→ **Instructions to follow**
If a line in the records below contains the word "units", copy it out.

[[ Data supplied, beginning ]]

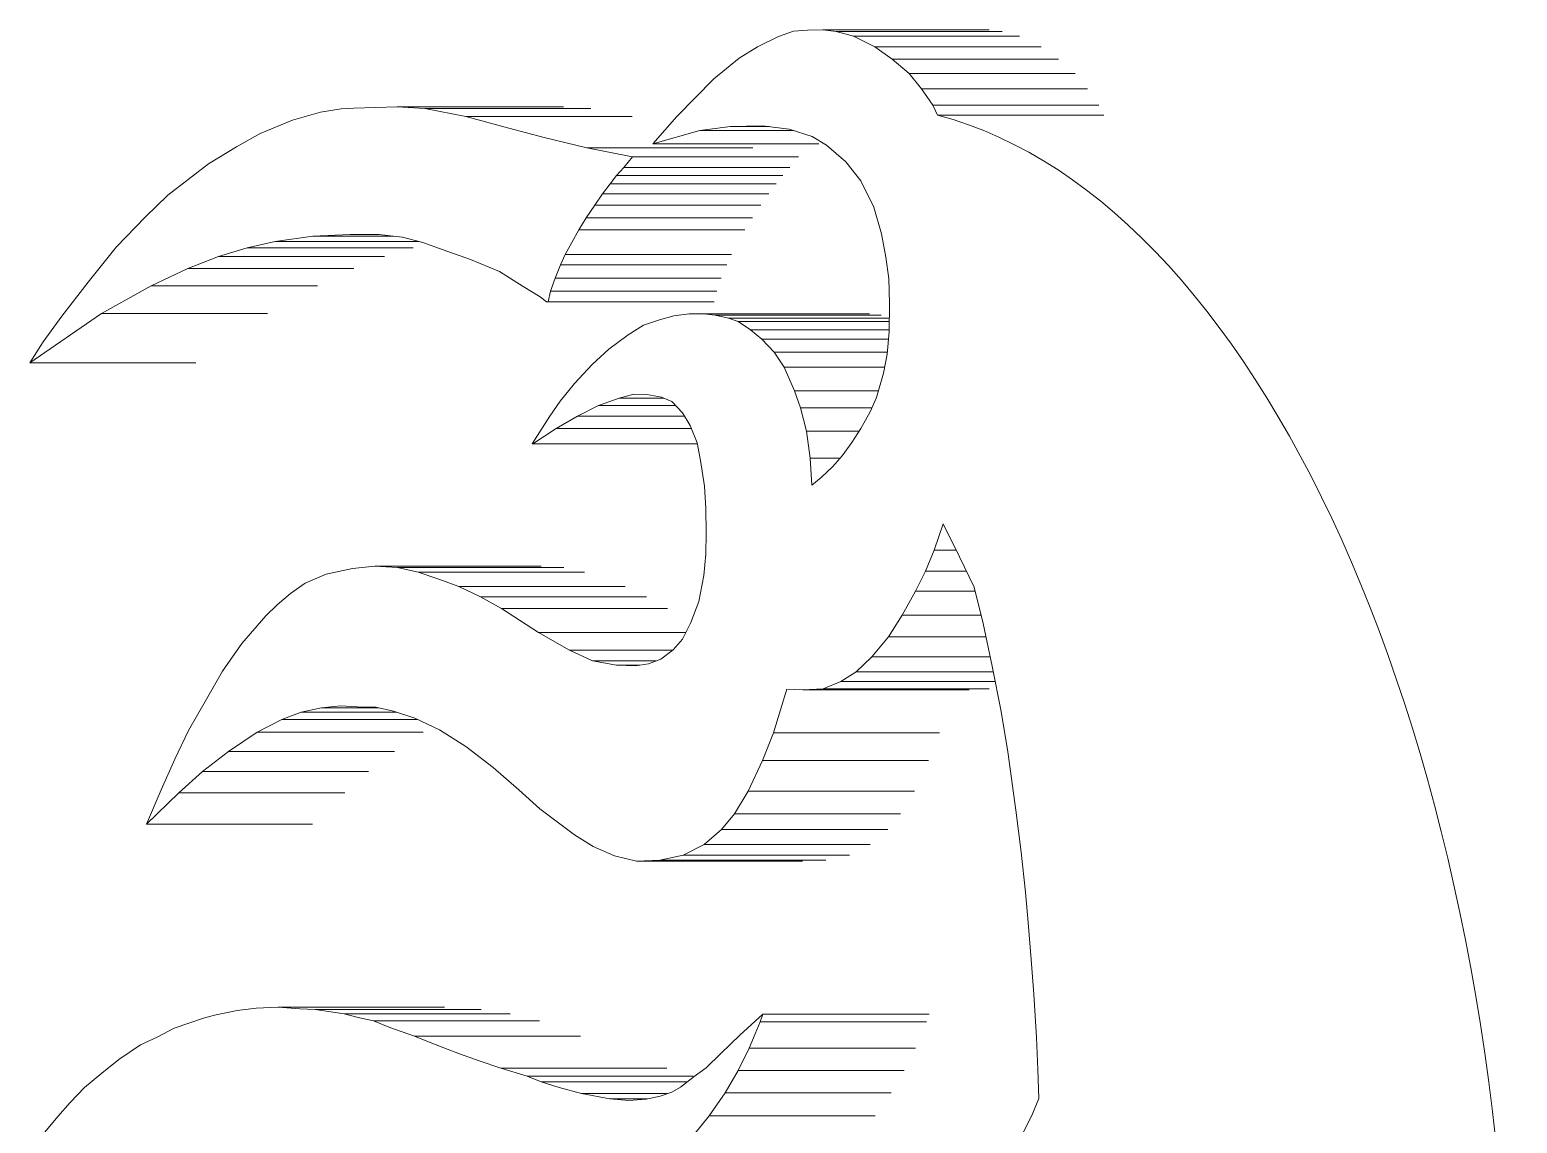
# Model space of a CAD drawing. Header units: inches. Extents: x 20 to 536, y 8 to 344.
# Drawn here: x 233.4218 to 233.9064, y 126.2772 to 126.6335 of the extents above; entities that cross this region are included whole.
import ezdxf

# ---------------------------------------------------------------- set-up
doc = ezdxf.new("R2010")
doc.units = ezdxf.units.IN
doc.header["$LTSCALE"] = 16
doc.header["$MEASUREMENT"] = 0
doc.layers.add('Visible (ANSI)', color=7, linetype='Continuous', lineweight=50)

msp = doc.modelspace()

# ---------------------------------------------------------------- linework, layer by layer
at = {"layer": 'Visible (ANSI)', "linetype": 'Continuous', "lineweight": 18}
for p, q in [((233.65888, 126.62791), (233.66572, 126.63136)), ((233.66572, 126.63136), (233.67062, 126.63301)), ((233.67062, 126.63301), (233.67509, 126.63339)), ((233.67509, 126.63339), (233.68019, 126.63352)), ((233.73432, 126.63352), (233.68019, 126.63352)), ((233.68019, 126.63352), (233.68449, 126.63299)), ((233.73861, 126.63299), (233.68449, 126.63299)), ((233.68449, 126.63299), (233.69013, 126.63143)), ((233.74426, 126.63143), (233.69013, 126.63143)), ((233.69013, 126.63143), (233.6971, 126.62794)), ((233.65291, 126.62427), (233.65888, 126.62791)), ((233.75123, 126.62794), (233.6971, 126.62794)), ((233.6971, 126.62794), (233.70276, 126.62391)), ((233.64467, 126.61752), (233.65291, 126.62427)), ((233.75689, 126.62391), (233.70276, 126.62391)), ((233.70276, 126.62391), (233.70826, 126.61923)), ((233.63255, 126.60522), (233.64467, 126.61752)), ((233.76239, 126.61923), (233.70826, 126.61923)), ((233.70826, 126.61923), (233.71227, 126.6143)), ((233.76639, 126.6143), (233.71227, 126.6143)), ((233.71227, 126.6143), (233.71595, 126.60893)), ((233.51645, 126.60667), (233.52319, 126.60773)), ((233.52319, 126.60773), (233.52735, 126.60802)), ((233.52735, 126.60802), (233.5415, 126.60839)), ((233.59563, 126.60839), (233.5415, 126.60839)), ((233.5415, 126.60839), (233.55045, 126.60783)), ((233.60458, 126.60783), (233.55045, 126.60783)), ((233.55045, 126.60783), (233.56384, 126.60527)), ((233.77008, 126.60893), (233.71595, 126.60893)), ((233.71595, 126.60893), (233.71752, 126.60567)), ((233.49685, 126.59971), (233.50738, 126.60409)), ((233.50738, 126.60409), (233.51645, 126.60667)), ((233.61797, 126.60527), (233.56384, 126.60527)), ((233.56384, 126.60527), (233.57787, 126.60146)), ((233.62476, 126.5963), (233.63255, 126.60522)), ((233.65004, 126.60198), (233.64011, 126.60066)), ((233.66051, 126.60226), (233.65004, 126.60198)), ((233.66269, 126.60198), (233.65004, 126.60198)), ((233.66913, 126.60116), (233.66051, 126.60226)), ((233.77164, 126.60567), (233.71752, 126.60567)), ((233.4891, 126.5954), (233.49685, 126.59971)), ((233.57787, 126.60146), (233.58939, 126.59843)), ((233.58939, 126.59843), (233.60321, 126.59503)), ((233.64011, 126.60066), (233.62476, 126.5963)), ((233.67068, 126.60066), (233.64011, 126.60066)), ((233.6767, 126.59872), (233.66913, 126.60116)), ((233.68135, 126.59593), (233.6767, 126.59872)), ((233.48004, 126.58988), (233.4891, 126.5954)), ((233.65733, 126.59503), (233.60321, 126.59503)), ((233.60321, 126.59503), (233.61808, 126.5921)), ((233.67889, 126.5963), (233.62476, 126.5963)), ((233.68762, 126.59053), (233.68135, 126.59593)), ((233.46677, 126.57957), (233.48004, 126.58988)), ((233.61528, 126.58868), (233.61297, 126.586)), ((233.61808, 126.5921), (233.61528, 126.58868)), ((233.66941, 126.58868), (233.61528, 126.58868)), ((233.67221, 126.5921), (233.61808, 126.5921)), ((233.69256, 126.58431), (233.68762, 126.59053)), ((233.61083, 126.58333), (233.6084, 126.58009)), ((233.61297, 126.586), (233.61083, 126.58333)), ((233.66495, 126.58333), (233.61083, 126.58333)), ((233.6671, 126.586), (233.61297, 126.586)), ((233.69673, 126.57568), (233.69256, 126.58431)), ((233.45944, 126.57258), (233.46677, 126.57957)), ((233.6084, 126.58009), (233.60581, 126.57638)), ((233.66253, 126.58009), (233.6084, 126.58009)), ((233.60581, 126.57638), (233.60305, 126.57222)), ((233.65994, 126.57638), (233.60581, 126.57638)), ((233.6993, 126.56701), (233.69673, 126.57568)), ((233.44997, 126.56266), (233.45944, 126.57258)), ((233.60063, 126.56829), (233.59838, 126.56425)), ((233.60305, 126.57222), (233.60063, 126.56829)), ((233.65476, 126.56829), (233.60063, 126.56829)), ((233.65718, 126.57222), (233.60305, 126.57222)), ((233.5017, 126.56453), (233.49259, 126.56245)), ((233.51399, 126.56628), (233.5017, 126.56453)), ((233.54859, 126.56453), (233.5017, 126.56453)), ((233.52612, 126.56683), (233.51399, 126.56628)), ((233.54012, 126.56628), (233.51399, 126.56628)), ((233.53548, 126.56685), (233.52612, 126.56683)), ((233.53561, 126.56683), (233.52612, 126.56683)), ((233.54322, 126.5659), (233.53548, 126.56685)), ((233.54982, 126.56422), (233.54322, 126.5659)), ((233.55642, 126.56186), (233.54982, 126.56422)), ((233.59838, 126.56425), (233.59625, 126.56033)), ((233.70068, 126.55937), (233.6993, 126.56701)), ((233.4408, 126.55128), (233.44997, 126.56266)), ((233.48325, 126.55966), (233.47322, 126.5557)), ((233.49259, 126.56245), (233.48325, 126.55966)), ((233.53738, 126.55966), (233.48325, 126.55966)), ((233.54671, 126.56245), (233.49259, 126.56245)), ((233.56534, 126.55863), (233.55642, 126.56186)), ((233.57476, 126.5547), (233.56534, 126.55863)), ((233.59625, 126.56033), (233.59473, 126.55688)), ((233.65037, 126.56033), (233.59625, 126.56033)), ((233.70165, 126.55251), (233.70068, 126.55937)), ((233.47322, 126.5557), (233.46136, 126.55008)), ((233.52735, 126.5557), (233.47322, 126.5557)), ((233.58253, 126.54983), (233.57476, 126.5547)), ((233.59473, 126.55688), (233.59294, 126.55263)), ((233.64886, 126.55688), (233.59473, 126.55688)), ((233.43223, 126.54021), (233.4408, 126.55128)), ((233.46136, 126.55008), (233.44513, 126.54111)), ((233.51549, 126.55008), (233.46136, 126.55008)), ((233.5881, 126.54651), (233.58253, 126.54983)), ((233.59294, 126.55263), (233.59144, 126.54838)), ((233.64707, 126.55263), (233.59294, 126.55263)), ((233.70187, 126.54437), (233.70165, 126.55251)), ((233.59013, 126.54483), (233.5881, 126.54651)), ((233.59061, 126.54484), (233.59013, 126.54483)), ((233.64426, 126.54483), (233.59013, 126.54483)), ((233.59144, 126.54838), (233.59061, 126.54484)), ((233.64474, 126.54484), (233.59061, 126.54484)), ((233.64556, 126.54838), (233.59144, 126.54838)), ((233.70174, 126.53508), (233.70187, 126.54437)), ((233.44513, 126.54111), (233.42177, 126.52499)), ((233.42612, 126.53184), (233.43223, 126.54021)), ((233.49926, 126.54111), (233.44513, 126.54111)), ((233.62173, 126.53721), (233.62688, 126.53904)), ((233.62688, 126.53904), (233.63163, 126.5403)), ((233.63163, 126.5403), (233.63657, 126.54099)), ((233.69069, 126.54099), (233.63657, 126.54099)), ((233.63657, 126.54099), (233.64123, 126.54097)), ((233.69536, 126.54097), (233.64123, 126.54097)), ((233.64123, 126.54097), (233.64505, 126.54051)), ((233.69918, 126.54051), (233.64505, 126.54051)), ((233.64505, 126.54051), (233.64937, 126.53949)), ((233.7018, 126.53949), (233.64937, 126.53949)), ((233.64937, 126.53949), (233.65256, 126.53845)), ((233.61047, 126.52943), (233.61673, 126.53411)), ((233.61673, 126.53411), (233.62173, 126.53721)), ((233.70179, 126.53845), (233.65256, 126.53845)), ((233.65256, 126.53845), (233.6566, 126.53573)), ((233.70175, 126.53573), (233.6566, 126.53573)), ((233.6566, 126.53573), (233.6603, 126.53272)), ((233.70114, 126.52782), (233.70174, 126.53508)), ((233.42177, 126.52499), (233.42612, 126.53184)), ((233.60499, 126.52448), (233.61047, 126.52943)), ((233.70155, 126.53272), (233.6603, 126.53272)), ((233.6603, 126.53272), (233.66428, 126.52845)), ((233.47589, 126.52499), (233.42177, 126.52499)), ((233.59929, 126.51825), (233.60499, 126.52448)), ((233.70119, 126.52845), (233.66428, 126.52845)), ((233.66428, 126.52845), (233.66749, 126.52359)), ((233.69988, 126.52165), (233.70114, 126.52782)), ((233.70028, 126.52359), (233.66749, 126.52359)), ((233.66749, 126.52359), (233.67094, 126.51592)), ((233.69761, 126.51373), (233.69988, 126.52165)), ((233.59459, 126.51248), (233.59929, 126.51825)), ((233.61862, 126.51479), (233.61376, 126.51347)), ((233.62279, 126.5147), (233.61862, 126.51479)), ((233.62756, 126.51384), (233.62279, 126.5147)), ((233.69824, 126.51592), (233.67094, 126.51592)), ((233.67094, 126.51592), (233.67288, 126.51032)), ((233.59116, 126.50759), (233.59459, 126.51248)), ((233.60703, 126.51111), (233.6002, 126.50756)), ((233.61376, 126.51347), (233.60703, 126.51111)), ((233.63211, 126.51111), (233.60703, 126.51111)), ((233.62838, 126.51347), (233.61376, 126.51347)), ((233.63094, 126.51234), (233.62756, 126.51384)), ((233.63444, 126.50866), (233.63094, 126.51234)), ((233.69615, 126.51032), (233.67288, 126.51032)), ((233.67288, 126.51032), (233.67477, 126.50275)), ((233.69559, 126.50903), (233.69761, 126.51373)), ((233.58542, 126.49861), (233.59116, 126.50759)), ((233.6002, 126.50756), (233.59328, 126.5036)), ((233.63512, 126.50756), (233.6002, 126.50756)), ((233.63695, 126.50456), (233.63444, 126.50866)), ((233.69247, 126.50356), (233.69559, 126.50903)), ((233.59328, 126.5036), (233.58562, 126.49861)), ((233.63733, 126.5036), (233.59328, 126.5036)), ((233.63917, 126.49887), (233.63695, 126.50456)), ((233.69196, 126.50275), (233.67477, 126.50275)), ((233.67477, 126.50275), (233.67603, 126.49389)), ((233.68962, 126.49902), (233.69247, 126.50356)), ((233.58562, 126.49861), (233.58542, 126.49861)), ((233.63923, 126.49861), (233.58542, 126.49861)), ((233.63922, 126.49861), (233.58562, 126.49861)), ((233.6403, 126.49315), (233.63917, 126.49887)), ((233.68648, 126.49467), (233.68962, 126.49902)), ((233.64155, 126.48485), (233.6403, 126.49315)), ((233.68579, 126.49389), (233.67603, 126.49389)), ((233.67603, 126.49389), (233.67651, 126.48514)), ((233.67956, 126.48761), (233.68344, 126.49124)), ((233.68344, 126.49124), (233.68648, 126.49467)), ((233.67651, 126.48514), (233.67956, 126.48761)), ((233.642, 126.47752), (233.64155, 126.48485)), ((233.64215, 126.46959), (233.642, 126.47752)), ((233.71935, 126.47257), (233.71646, 126.46399)), ((233.72468, 126.46183), (233.71935, 126.47257)), ((233.642, 126.46264), (233.64215, 126.46959)), ((233.64135, 126.45568), (233.642, 126.46264)), ((233.71646, 126.46399), (233.71356, 126.45716)), ((233.72361, 126.46399), (233.71646, 126.46399)), ((233.72939, 126.45193), (233.72468, 126.46183)), ((233.51833, 126.45614), (233.52686, 126.45795)), ((233.52686, 126.45795), (233.53424, 126.45873)), ((233.58837, 126.45873), (233.53424, 126.45873)), ((233.53424, 126.45873), (233.54159, 126.45833)), ((233.59572, 126.45833), (233.54159, 126.45833)), ((233.54159, 126.45833), (233.54836, 126.45673)), ((233.60248, 126.45673), (233.54836, 126.45673)), ((233.54836, 126.45673), (233.55502, 126.45452)), ((233.71356, 126.45716), (233.71033, 126.45054)), ((233.7269, 126.45716), (233.71356, 126.45716)), ((233.50676, 126.44988), (233.5115, 126.45318)), ((233.5115, 126.45318), (233.51833, 126.45614)), ((233.55502, 126.45452), (233.56159, 126.45212)), ((233.61572, 126.45212), (233.56159, 126.45212)), ((233.56159, 126.45212), (233.56856, 126.44873)), ((233.63971, 126.44722), (233.64135, 126.45568)), ((233.73239, 126.44003), (233.72939, 126.45193)), ((233.50232, 126.44619), (233.50676, 126.44988)), ((233.62269, 126.44873), (233.56856, 126.44873)), ((233.56856, 126.44873), (233.57544, 126.44495)), ((233.63717, 126.4404), (233.63971, 126.44722)), ((233.71033, 126.45054), (233.70602, 126.44279)), ((233.72974, 126.45054), (233.71033, 126.45054)), ((233.49088, 126.43359), (233.49867, 126.44252)), ((233.49867, 126.44252), (233.50232, 126.44619)), ((233.62956, 126.44495), (233.57544, 126.44495)), ((233.57544, 126.44495), (233.58127, 126.44111)), ((233.70602, 126.44279), (233.70149, 126.4357)), ((233.7317, 126.44279), (233.70602, 126.44279)), ((233.58127, 126.44111), (233.58746, 126.4371)), ((233.63443, 126.43498), (233.63717, 126.4404)), ((233.73533, 126.42619), (233.73239, 126.44003)), ((233.48459, 126.42449), (233.49088, 126.43359)), ((233.63551, 126.4371), (233.58746, 126.4371)), ((233.58746, 126.4371), (233.59762, 126.43142)), ((233.63138, 126.43152), (233.63443, 126.43498)), ((233.70149, 126.4357), (233.69607, 126.42923)), ((233.73331, 126.4357), (233.70149, 126.4357)), ((233.63124, 126.43142), (233.59762, 126.43142)), ((233.59762, 126.43142), (233.60509, 126.42785)), ((233.62576, 126.42785), (233.60509, 126.42785)), ((233.60509, 126.42785), (233.61294, 126.42647)), ((233.62336, 126.42695), (233.62733, 126.42844)), ((233.62733, 126.42844), (233.63138, 126.43152)), ((233.69607, 126.42923), (233.69098, 126.4243)), ((233.73469, 126.42923), (233.69607, 126.42923)), ((233.4793, 126.41535), (233.48459, 126.42449)), ((233.62051, 126.42647), (233.61294, 126.42647)), ((233.61294, 126.42647), (233.6191, 126.42624)), ((233.6191, 126.42624), (233.62336, 126.42695)), ((233.69098, 126.4243), (233.68598, 126.42112)), ((233.73571, 126.4243), (233.69098, 126.4243)), ((233.73828, 126.41138), (233.73533, 126.42619)), ((233.66839, 126.41871), (233.66634, 126.41197)), ((233.67367, 126.4184), (233.66839, 126.41871)), ((233.68022, 126.41879), (233.67367, 126.4184)), ((233.7278, 126.4184), (233.67367, 126.4184)), ((233.68598, 126.42112), (233.68022, 126.41879)), ((233.73434, 126.41879), (233.68022, 126.41879)), ((233.73634, 126.42112), (233.68598, 126.42112)), ((233.4735, 126.4052), (233.4793, 126.41535)), ((233.52298, 126.41328), (233.51678, 126.41261)), ((233.52845, 126.41292), (233.52298, 126.41328)), ((233.50388, 126.4088), (233.49583, 126.40461)), ((233.5102, 126.4112), (233.50388, 126.4088)), ((233.54809, 126.4088), (233.50388, 126.4088)), ((233.51678, 126.41261), (233.5102, 126.4112)), ((233.54117, 126.4112), (233.5102, 126.4112)), ((233.53549, 126.41261), (233.51678, 126.41261)), ((233.53454, 126.41284), (233.52845, 126.41292)), ((233.54027, 126.4115), (233.53454, 126.41284)), ((233.54724, 126.4092), (233.54027, 126.4115)), ((233.55521, 126.40544), (233.54724, 126.4092)), ((233.66634, 126.41197), (233.66402, 126.40438)), ((233.74046, 126.39827), (233.73828, 126.41138)), ((233.46902, 126.39586), (233.4735, 126.4052)), ((233.49583, 126.40461), (233.48649, 126.39838)), ((233.54996, 126.40461), (233.49583, 126.40461)), ((233.56382, 126.39996), (233.55521, 126.40544)), ((233.66402, 126.40438), (233.66045, 126.39537)), ((233.71815, 126.40438), (233.66402, 126.40438)), ((233.5727, 126.39314), (233.56382, 126.39996)), ((233.46455, 126.3859), (233.46902, 126.39586)), ((233.48649, 126.39838), (233.47804, 126.39179)), ((233.54062, 126.39838), (233.48649, 126.39838)), ((233.66045, 126.39537), (233.65586, 126.38544)), ((233.71458, 126.39537), (233.66045, 126.39537)), ((233.74299, 126.37926), (233.74046, 126.39827)), ((233.47804, 126.39179), (233.47029, 126.38486)), ((233.53216, 126.39179), (233.47804, 126.39179)), ((233.58109, 126.38581), (233.5727, 126.39314)), ((233.45978, 126.37468), (233.46455, 126.3859)), ((233.47029, 126.38486), (233.45978, 126.37468)), ((233.52442, 126.38486), (233.47029, 126.38486)), ((233.58789, 126.37964), (233.58109, 126.38581)), ((233.65586, 126.38544), (233.65131, 126.37807)), ((233.70999, 126.38544), (233.65586, 126.38544)), ((233.59928, 126.3712), (233.58789, 126.37964)), ((233.74473, 126.36554), (233.74299, 126.37926)), ((233.51391, 126.37468), (233.45978, 126.37468)), ((233.65131, 126.37807), (233.64716, 126.37295)), ((233.70543, 126.37807), (233.65131, 126.37807)), ((233.60527, 126.36739), (233.59928, 126.3712)), ((233.64716, 126.37295), (233.64147, 126.36806)), ((233.70128, 126.37295), (233.64716, 126.37295)), ((233.61225, 126.3644), (233.60527, 126.36739)), ((233.63466, 126.36453), (233.627, 126.36294)), ((233.64147, 126.36806), (233.63466, 126.36453)), ((233.68879, 126.36453), (233.63466, 126.36453)), ((233.6956, 126.36806), (233.64147, 126.36806)), ((233.74617, 126.35255), (233.74473, 126.36554)), ((233.61941, 126.3626), (233.61225, 126.3644)), ((233.627, 126.36294), (233.61941, 126.3626)), ((233.67354, 126.3626), (233.61941, 126.3626)), ((233.68113, 126.36294), (233.627, 126.36294)), ((233.74706, 126.34263), (233.74617, 126.35255)), ((233.74804, 126.33053), (233.74706, 126.34263)), ((233.74886, 126.31926), (233.74804, 126.33053)), ((233.7497, 126.30521), (233.74886, 126.31926)), ((233.46878, 126.30817), (233.47835, 126.31146)), ((233.47835, 126.31146), (233.48197, 126.31248)), ((233.48197, 126.31248), (233.48935, 126.31399)), ((233.48935, 126.31399), (233.49555, 126.31469)), ((233.49555, 126.31469), (233.50273, 126.31501)), ((233.55686, 126.31501), (233.50273, 126.31501)), ((233.50273, 126.31501), (233.50973, 126.31453)), ((233.50973, 126.31453), (233.51472, 126.31425)), ((233.56884, 126.31425), (233.51472, 126.31425)), ((233.51472, 126.31425), (233.51914, 126.31358)), ((233.51914, 126.31358), (233.52416, 126.31292)), ((233.57828, 126.31292), (233.52416, 126.31292)), ((233.52416, 126.31292), (233.52878, 126.31173)), ((233.52878, 126.31173), (233.53374, 126.31054)), ((233.65305, 126.30595), (233.66062, 126.31272)), ((233.66062, 126.31272), (233.65974, 126.31026)), ((233.71475, 126.31272), (233.66062, 126.31272)), ((233.46326, 126.30526), (233.46878, 126.30817)), ((233.58786, 126.31054), (233.53374, 126.31054)), ((233.53374, 126.31054), (233.53909, 126.30844)), ((233.53909, 126.30844), (233.54706, 126.3056)), ((233.6581, 126.30638), (233.65618, 126.3017)), ((233.65974, 126.31026), (233.6581, 126.30638)), ((233.71387, 126.31026), (233.65974, 126.31026)), ((233.45084, 126.29794), (233.4578, 126.30274)), ((233.4578, 126.30274), (233.46326, 126.30526)), ((233.60118, 126.3056), (233.54706, 126.3056)), ((233.54706, 126.3056), (233.55169, 126.30375)), ((233.55169, 126.30375), (233.55665, 126.30177)), ((233.55665, 126.30177), (233.5618, 126.2998)), ((233.64689, 126.29996), (233.65305, 126.30595)), ((233.65618, 126.3017), (233.65253, 126.29443)), ((233.7103, 126.3017), (233.65618, 126.3017)), ((233.75015, 126.29474), (233.7497, 126.30521)), ((233.4453, 126.29353), (233.45084, 126.29794)), ((233.5618, 126.2998), (233.56815, 126.29759)), ((233.56815, 126.29759), (233.57522, 126.29515)), ((233.64213, 126.29533), (233.64689, 126.29996)), ((233.4396, 126.2889), (233.4453, 126.29353)), ((233.62935, 126.29515), (233.57522, 126.29515)), ((233.57522, 126.29515), (233.58379, 126.29259)), ((233.63791, 126.29259), (233.58379, 126.29259)), ((233.58379, 126.29259), (233.58841, 126.29074)), ((233.63377, 126.28903), (233.63823, 126.29245)), ((233.63823, 126.29245), (233.64213, 126.29533)), ((233.65253, 126.29443), (233.64828, 126.28715)), ((233.70666, 126.29443), (233.65253, 126.29443)), ((233.75051, 126.28532), (233.75015, 126.29474)), ((233.43494, 126.28403), (233.4396, 126.2889)), ((233.63599, 126.29074), (233.58841, 126.29074)), ((233.58841, 126.29074), (233.59423, 126.28892)), ((233.59423, 126.28892), (233.6015, 126.28687)), ((233.62719, 126.28609), (233.63094, 126.28738)), ((233.63094, 126.28738), (233.63377, 126.28903)), ((233.64828, 126.28715), (233.6431, 126.27963)), ((233.7024, 126.28715), (233.64828, 126.28715)), ((233.43095, 126.27944), (233.43494, 126.28403)), ((233.62945, 126.28687), (233.6015, 126.28687)), ((233.6015, 126.28687), (233.61077, 126.28513)), ((233.62294, 126.28513), (233.61077, 126.28513)), ((233.61077, 126.28513), (233.61698, 126.28464)), ((233.61698, 126.28464), (233.62258, 126.28505)), ((233.62258, 126.28505), (233.62719, 126.28609)), ((233.74822, 126.27973), (233.75051, 126.28532)), ((233.42611, 126.27365), (233.43095, 126.27944)), ((233.6431, 126.27963), (233.63808, 126.2735)), ((233.69722, 126.27963), (233.6431, 126.27963)), ((233.74533, 126.274), (233.74822, 126.27973))]:
    msp.add_line(p, q, dxfattribs=at)
msp.add_ellipse((233.68964, 126.17989), major_axis=(0, 0.42942), ratio=0.5, start_param=3.234188, end_param=6.152982, dxfattribs=at)

doc.saveas('drawing.dxf')

[[ Data supplied, end ]]

→ **Task answer**
# Model space of a CAD drawing. Header units: inches. Extents: x 20 to 536, y 8 to 344.
doc.units = ezdxf.units.IN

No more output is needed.